Alien attack is actually a problem that all public chains may face. We use Taifang as an example. Ethereum's P2P network is mainly implemented by Kademlia (Kad) algorithm, which is a distributed hash table (DHT) technology. It can be used to quickly and accurately route and locate data in a distributed environment. The problem.
What is an alien attack?
Alien attack, also known as address pool pollution, refers to an attack method that induces nodes of the same chain to invade and pollute each other. The main reason for the vulnerability is that the same chain system does not identify non-similar nodes in the communication protocol.
Ethereum alien attack means that Ethereum's similar chain (specifically, the public chain using the Ethereum P2P discv4 node discovery protocol, including Ethereum and Ether Classic) cannot distinguish whether the nodes belong to the same one because they use a compatible handshake protocol. The chain causes the address pools to pollute each other, and the communication performance of the nodes decreases, eventually causing the node to block.
- Popular Science | Blockchain Security Getting Started Notes (4)

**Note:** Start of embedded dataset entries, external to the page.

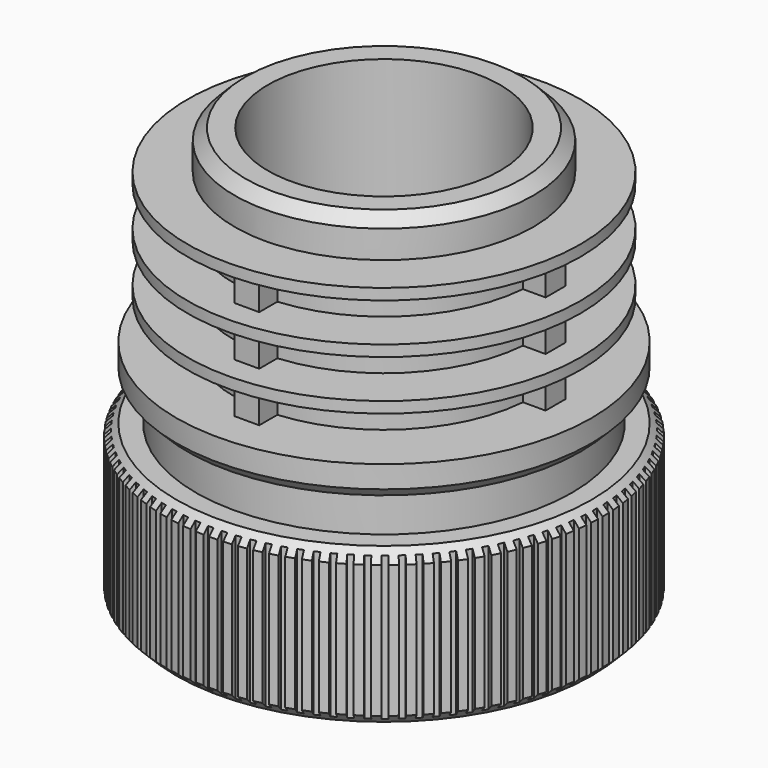
from build123d import *

# Parameters (mm, degrees)
F3_SIZE  = 1
F4_START = -3.5
F4_DEPTH = 21.5
F5_DEPTH = 37.501
F2_R     = 10.5
F6_DEPTH = 33


# Not quite as in the source:
# - a feature names something its author has since deleted; it is built from what else it names


with BuildPart() as f1:
    # F0 (on Front) → F1 (revolve)
    with BuildSketch(Plane.XZ):
        Polygon((0, 0), (19.75, 0), (19.75, 14), (17, 14), (17, 17.5), (18.75, 17.5), (18.75, 20.5), (13.5, 20.5), (13.5, 24), (17.75, 24), (17.75, 25), (13.5, 25), (13.5, 28.5), (17.75, 28.5), (17.75, 29.5), (13.5, 29.5), (13.5, 33), (17.75, 33), (17.75, 34), (13.5, 34), (13.5, 37.5), (0, 37.5), align=None)
    revolve(axis=Axis((0, 0, 18.75), (0, 0, -1)))

    # F3
    f3_edges = [f1.edges().sort_by_distance(p)[0] for p in [
        (-19.75, 0, 14),
        (-18.75, 0, 17.5),
        (-19.75, 0, 0),
        (-13.5, 0, 37.5),
    ]]
    chamfer(f3_edges, length=F3_SIZE)

    # F2 (on face) → F4 (join)
    with BuildSketch(Plane.XY.offset(37.5).offset(F4_START)):
        with BuildLine():
            Line((1.125, -15.5), (1.125, -13.453043336))
            ThreePointArc((1.125, -13.453043336), (0, -13.5), (-1.125, -13.453043336))
            Line((-1.125, -13.453043336), (-1.125, -15.5))
            Line((-1.125, -15.5), (1.125, -15.5))
        make_face()
        with BuildLine():
            ThreePointArc((-13.453043336, -1.125), (-13.5, 0), (-13.453043336, 1.125))
            Line((-13.453043336, 1.125), (-15.5, 1.125))
            Line((-15.5, 1.125), (-15.5, -1.125))
            Line((-15.5, -1.125), (-13.453043336, -1.125))
        make_face()
        with BuildLine():
            ThreePointArc((-1.125, 13.453043336), (0, 13.5), (1.125, 13.453043336))
            Line((1.125, 13.453043336), (1.125, 15.5))
            Line((1.125, 15.5), (-1.125, 15.5))
            Line((-1.125, 15.5), (-1.125, 13.453043336))
        make_face()
        with BuildLine():
            ThreePointArc((13.453043336, 1.125), (13.4882557256, 0.5629897708), (13.5, 0))
            ThreePointArc((13.5, 0), (13.4882557256, -0.5629897708), (13.453043336, -1.125))
            Line((13.453043336, -1.125), (15.5, -1.125))
            Line((15.5, -1.125), (15.5, 1.125))
            Line((15.5, 1.125), (13.453043336, 1.125))
        make_face()
    extrude(amount=-F4_DEPTH)

    # F2 (on face) → F5 (cut, through all)
    with BuildSketch(Plane.XY.offset(37.5)):
        with BuildLine():
            Line((-3.1159466804, 19.0027202338), (-3.2084511899, 19.4876458548))
            ThreePointArc((-3.2084511899, 19.4876458548), (-3.454892922, 19.4454677212), (-3.7007809631, 19.4001732019))
            Line((-3.7007809631, 19.4001732019), (-3.6070903058, 18.9090295765))
            Line((-3.6070903058, 18.9090295765), (-3.1159466804, 19.0027202338))
        make_face()
        with BuildLine():
            ThreePointArc((-16.2668570836, -11.2005294795), (-16.1237633813, -11.4055580497), (-15.9780856389, -11.6087587328))
            Line((-15.9780856389, -11.6087587328), (-15.5735771417, -11.3148661066))
            Line((-15.5735771417, -11.3148661066), (-15.8674697679, -10.9103576094))
            Line((-15.8674697679, -10.9103576094), (-16.2668570836, -11.2005294795))
        make_face()
        with BuildLine():
            ThreePointArc((-13.8799563847, -14.0502423736), (-13.7009787423, -14.2248262381), (-13.5198053421, -14.3971303916))
            Line((-13.5198053421, -14.3971303916), (-13.1775317891, -14.0326460779))
            Line((-13.1775317891, -14.0326460779), (-13.5420161028, -13.6903725249))
            Line((-13.5420161028, -13.6903725249), (-13.8799563847, -14.0502423736))
        make_face()
        with BuildLine():
            ThreePointArc((-12.9703454432, -14.8940471022), (-12.7807587607, -15.0570483661), (-12.5891237975, -15.2176365448))
            Line((-12.5891237975, -15.2176365448), (-12.2704118027, -14.8323799234))
            Line((-12.2704118027, -14.8323799234), (-12.6556684241, -14.5136679286))
            Line((-12.6556684241, -14.5136679286), (-12.9703454432, -14.8940471022))
        make_face()
        with BuildLine():
            ThreePointArc((15.6790718313, -12.0095464739), (15.8298472032, -11.8100989633), (15.9780856389, -11.6087587328))
            Line((15.9780856389, -11.6087587328), (15.5735771417, -11.3148661066))
            Line((15.5735771417, -11.3148661066), (15.2796845156, -11.7193746038))
            Line((15.2796845156, -11.7193746038), (15.6790718313, -12.0095464739))
        make_face()
        with BuildLine():
            ThreePointArc((17.651716969, -8.8588592971), (17.7624489578, -8.6346920629), (17.8703342862, -8.4091410084))
            Line((17.8703342862, -8.4091410084), (17.41792076, -8.1962513626))
            Line((17.41792076, -8.1962513626), (17.2050311142, -8.6486648889))
            Line((17.2050311142, -8.6486648889), (17.651716969, -8.8588592971))
        make_face()
        with BuildLine():
            ThreePointArc((18.1731377154, -7.7330178828), (18.2695756229, -7.5023400723), (18.3630855963, -7.2704599155))
            Line((18.3630855963, -7.2704599155), (17.8981973533, -7.0863976392))
            Line((17.8981973533, -7.0863976392), (17.714135077, -7.5512858821))
            Line((17.714135077, -7.5512858821), (18.1731377154, -7.7330178828))
        make_face()
        with BuildLine():
            Line((0.5, 19.25), (0.5, 19.7436698716))
            ThreePointArc((0.5, 19.7436698716), (0.2500200345, 19.7484174045), (0, 19.75))
            Line((0, 19.75), (0, 19.25))
            Line((0, 19.25), (0.5, 19.25))
        make_face()
        with BuildLine():
            Line((9.7119115665, 16.6280267538), (9.9497388409, 17.06063296))
            ThreePointArc((9.9497388409, 17.06063296), (9.7329668687, 17.1852220217), (9.5146350635, 17.3070569309))
            Line((9.5146350635, 17.3070569309), (9.2737582265, 16.8689035908))
            Line((9.2737582265, 16.8689035908), (9.7119115665, 16.6280267538))
        make_face()
        with BuildLine():
            Line((8.6486648889, 17.2050311142), (8.8588592971, 17.651716969))
            ThreePointArc((8.8588592971, 17.651716969), (8.6346920629, 17.7624489578), (8.4091410084, 17.8703342862))
            Line((8.4091410084, 17.8703342862), (8.1962513626, 17.41792076))
            Line((8.1962513626, 17.41792076), (8.6486648889, 17.2050311142))
        make_face()
        with BuildLine():
            Line((6.4241053999, 18.1533294415), (6.5766577798, 18.6228373898))
            ThreePointArc((6.5766577798, 18.6228373898), (6.340379773, 18.7046006195), (6.1030856389, 18.7833661968))
            Line((6.1030856389, 18.7833661968), (5.9485771417, 18.3078379387))
            Line((5.9485771417, 18.3078379387), (6.4241053999, 18.1533294415))
        make_face()
        with BuildLine():
            Line((5.2715719085, 18.5208809081), (5.3943426132, 18.999041233))
            ThreePointArc((5.3943426132, 18.999041233), (5.1533968913, 19.0658071028), (4.9116252715, 19.1295174323))
            Line((4.9116252715, 19.1295174323), (4.7872803279, 18.6452258517))
            Line((4.7872803279, 18.6452258517), (5.2715719085, 18.5208809081))
        make_face()
        with BuildLine():
            Line((-1.9166073955, 19.1608746171), (-1.9784806368, 19.6506517543))
            ThreePointArc((-1.9784806368, 19.6506517543), (-2.2270844593, 19.6240310541), (-2.4753313629, 19.594265351))
            Line((-2.4753313629, 19.594265351), (-2.4126647461, 19.0982080003))
            Line((-2.4126647461, 19.0982080003), (-1.9166073955, 19.1608746171))
        make_face()
        with BuildLine():
            Line((-4.3029887474, 18.7695707953), (-4.425759452, 19.2477311201))
            ThreePointArc((-4.425759452, 19.2477311201), (-4.6690665007, 19.1901620111), (-4.9116252715, 19.1295174323))
            Line((-4.9116252715, 19.1295174323), (-4.7872803279, 18.6452258517))
            Line((-4.7872803279, 18.6452258517), (-4.3029887474, 18.7695707953))
        make_face()
        with BuildLine():
            ThreePointArc((-15.531471092, -12.1998322005), (-15.3757859019, -12.3954712657), (-15.2176365448, -12.5891237975))
            Line((-15.2176365448, -12.5891237975), (-14.8323799234, -12.2704118027))
            Line((-14.8323799234, -12.2704118027), (-15.1510919183, -11.8851551813))
            Line((-15.1510919183, -11.8851551813), (-15.531471092, -12.1998322005))
        make_face()
        with BuildLine():
            ThreePointArc((-14.7347894795, -13.1509877573), (-14.5671272201, -13.3364652196), (-14.3971303916, -13.5198053421))
            Line((-14.3971303916, -13.5198053421), (-14.0326460779, -13.1775317891))
            Line((-14.0326460779, -13.1775317891), (-14.3749196308, -12.8130474754))
            Line((-14.3749196308, -12.8130474754), (-14.7347894795, -13.1509877573))
        make_face()
        with BuildLine():
            ThreePointArc((12.1998322005, -15.531471092), (12.3954712657, -15.3757859019), (12.5891237975, -15.2176365448))
            Line((12.5891237975, -15.2176365448), (12.2704118027, -14.8323799234))
            Line((12.2704118027, -14.8323799234), (11.8851551813, -15.1510919183))
            Line((11.8851551813, -15.1510919183), (12.1998322005, -15.531471092))
        make_face()
        with BuildLine():
            ThreePointArc((13.1509877573, -14.7347894795), (13.3364652196, -14.5671272201), (13.5198053421, -14.3971303916))
            Line((13.5198053421, -14.3971303916), (13.1775317891, -14.0326460779))
            Line((13.1775317891, -14.0326460779), (12.8130474754, -14.3749196308))
            Line((12.8130474754, -14.3749196308), (13.1509877573, -14.7347894795))
        make_face()
        with BuildLine():
            Line((18.7695707953, 4.3029887474), (19.2477311201, 4.425759452))
            ThreePointArc((19.2477311201, 4.425759452), (19.1901620111, 4.6690665007), (19.1295174323, 4.9116252715))
            Line((19.1295174323, 4.9116252715), (18.6452258517, 4.7872803279))
            Line((18.6452258517, 4.7872803279), (18.7695707953, 4.3029887474))
        make_face()
        with BuildLine():
            ThreePointArc((14.0502423736, -13.8799563847), (14.2248262381, -13.7009787423), (14.3971303916, -13.5198053421))
            Line((14.3971303916, -13.5198053421), (14.0326460779, -13.1775317891))
            Line((14.0326460779, -13.1775317891), (13.6903725249, -13.5420161028))
            Line((13.6903725249, -13.5420161028), (14.0502423736, -13.8799563847))
        make_face()
        with BuildLine():
            ThreePointArc((14.8940471022, -12.9703454432), (15.0570483661, -12.7807587607), (15.2176365448, -12.5891237975))
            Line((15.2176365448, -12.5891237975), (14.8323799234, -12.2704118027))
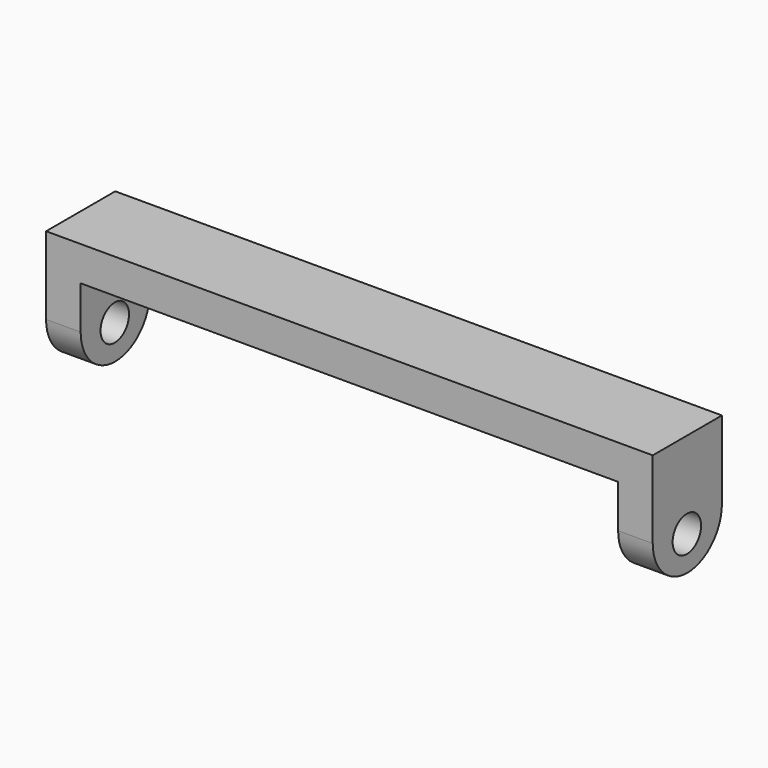
from build123d import *

# Parameters (mm, degrees)
F0_W        = 49.2125
F0_H        = 7.9375
F1_DEPTH    = 3.175
F2_DEPTH    = 3.302
F3_DEPTH    = 3.175
F4_W        = 3.175
F4_H        = 7.9375
F5_DEPTH    = 7.9375
F7_D        = 3.2639
F8_T1_DEPTH = 23.114
F8_T3_DEPTH = 23.114


# Not quite as in the source:
# - a fillet or chamfer that OpenCascade refuses, or shapes differently, is made with other operations: its cross-section is extruded or revolved along the edge and cut away or added


with BuildPart() as f1:
    # F0 (on Top) → F1 (new body)
    with BuildSketch(Plane.XY):
        with Locations((-5.1108673215, 16.8213252627)):
            Rectangle(F0_W, F0_H)
    extrude(amount=F1_DEPTH)

    # F2 (add): a face of the model
    f2_faces = [f1.faces().sort_by_distance(p)[0] for p in [
        (19.4953826785, 16.8213252627, 1.5875),
    ]]
    extrude(f2_faces, amount=F2_DEPTH)

    # F3 (add): a face of the model
    f3_faces = [f1.faces().sort_by_distance(p)[0] for p in [
        (-29.7171173215, 16.8213252627, 1.5875),
    ]]
    extrude(f3_faces, amount=F3_DEPTH)

    # F4 (on face) → F5 (join)
    with BuildSketch(Plane(origin=(0, 0, 0), x_dir=(1, 0, 0), z_dir=(0, 0, -1))):
        with Locations((21.2098826785, -16.8213252627)):
            Rectangle(F4_W, F4_H)
        with Locations((-31.3046173215, -16.8213252627)):
            Rectangle(F4_W, F4_H)
    extrude(amount=F5_DEPTH)

    # F7 (through all)
    with Locations(Plane.YZ.offset(22.7973826785)):
        with Locations((16.7667926535, -4.7623126715)):
            Hole(F7_D / 2)

    # F8: fillet of radius 3.9878 on 4 edges, made by hand

    # F8_s2 → F8_t1 (cut)
    with BuildSketch(Plane.YZ.offset(9.6528826785)):
        with BuildLine():
            ThreePointArc((12.8525752627, -3.9497), (14.0205748406, -6.769500422), (16.8403752627, -7.9375))
            Line((16.8403752627, -7.9375), (12.8525752627, -7.9375))
            Line((12.8525752627, -7.9375), (12.8525752627, -3.9497))
        make_face()
        with BuildLine():
            ThreePointArc((20.7900752627, -3.9497), (19.6220756847, -6.769500422), (16.8022752627, -7.9375))
            Line((16.8022752627, -7.9375), (20.7900752627, -7.9375))
            Line((20.7900752627, -7.9375), (20.7900752627, -3.9497))
        make_face()
    extrude(amount=F8_T1_DEPTH, mode=Mode.SUBTRACT)

    # F8_s4 → F8_t3 (cut)
    with BuildSketch(Plane.YZ.offset(-42.8616173215)):
        with BuildLine():
            ThreePointArc((12.8525752627, -3.9497), (14.0205748406, -6.769500422), (16.8403752627, -7.9375))
            Line((16.8403752627, -7.9375), (12.8525752627, -7.9375))
            Line((12.8525752627, -7.9375), (12.8525752627, -3.9497))
        make_face()
        with BuildLine():
            ThreePointArc((20.7900752627, -3.9497), (19.6220756847, -6.769500422), (16.8022752627, -7.9375))
            Line((16.8022752627, -7.9375), (20.7900752627, -7.9375))
            Line((20.7900752627, -7.9375), (20.7900752627, -3.9497))
        make_face()
    extrude(amount=F8_T3_DEPTH, mode=Mode.SUBTRACT)


solid = f1.part

- Blockchain security | APT attacks against a blockchain digital cryptocurrency trading platform
- Crypto investment fund Trident hacked, data leaks of 266,000 users
- Security Monthly Report | 16 security incidents occurred in November, with losses of nearly US $ 56 million
- Research Report | Analysis Report on Quantum Mechanics and Blockchain Security Technology
- zkSNARKs contract library "input pseudonym" vulnerability, many mixed currency projects
1. Normal node discovery process
The node discovery is completed by four UDP communication protocols between the same chain nodes in Ethereum. The message structure is as follows:
 ping: probe whether a node is online
2. Attack process
Preparation: Collecting Ethereum Node Addresses
We found an address library created by the community: https://github.com/smartheye/EthStaticNodesTool/blob/master/MainNet/static-nodes.txt
The first step: initiate a malicious handshake.
Attacker A simulates the entire handshake process, initiates a ping operation, and uses the 4th neighbors of the protocol to modify the returned neighbor table to the Ethereum node address we collected and push it to the victim node B (B is an Ethereum-like node) Chain node). Since only one address can be pushed in a single communication, we need to push multiple times to achieve the attack.
The second step: polluting the address pool.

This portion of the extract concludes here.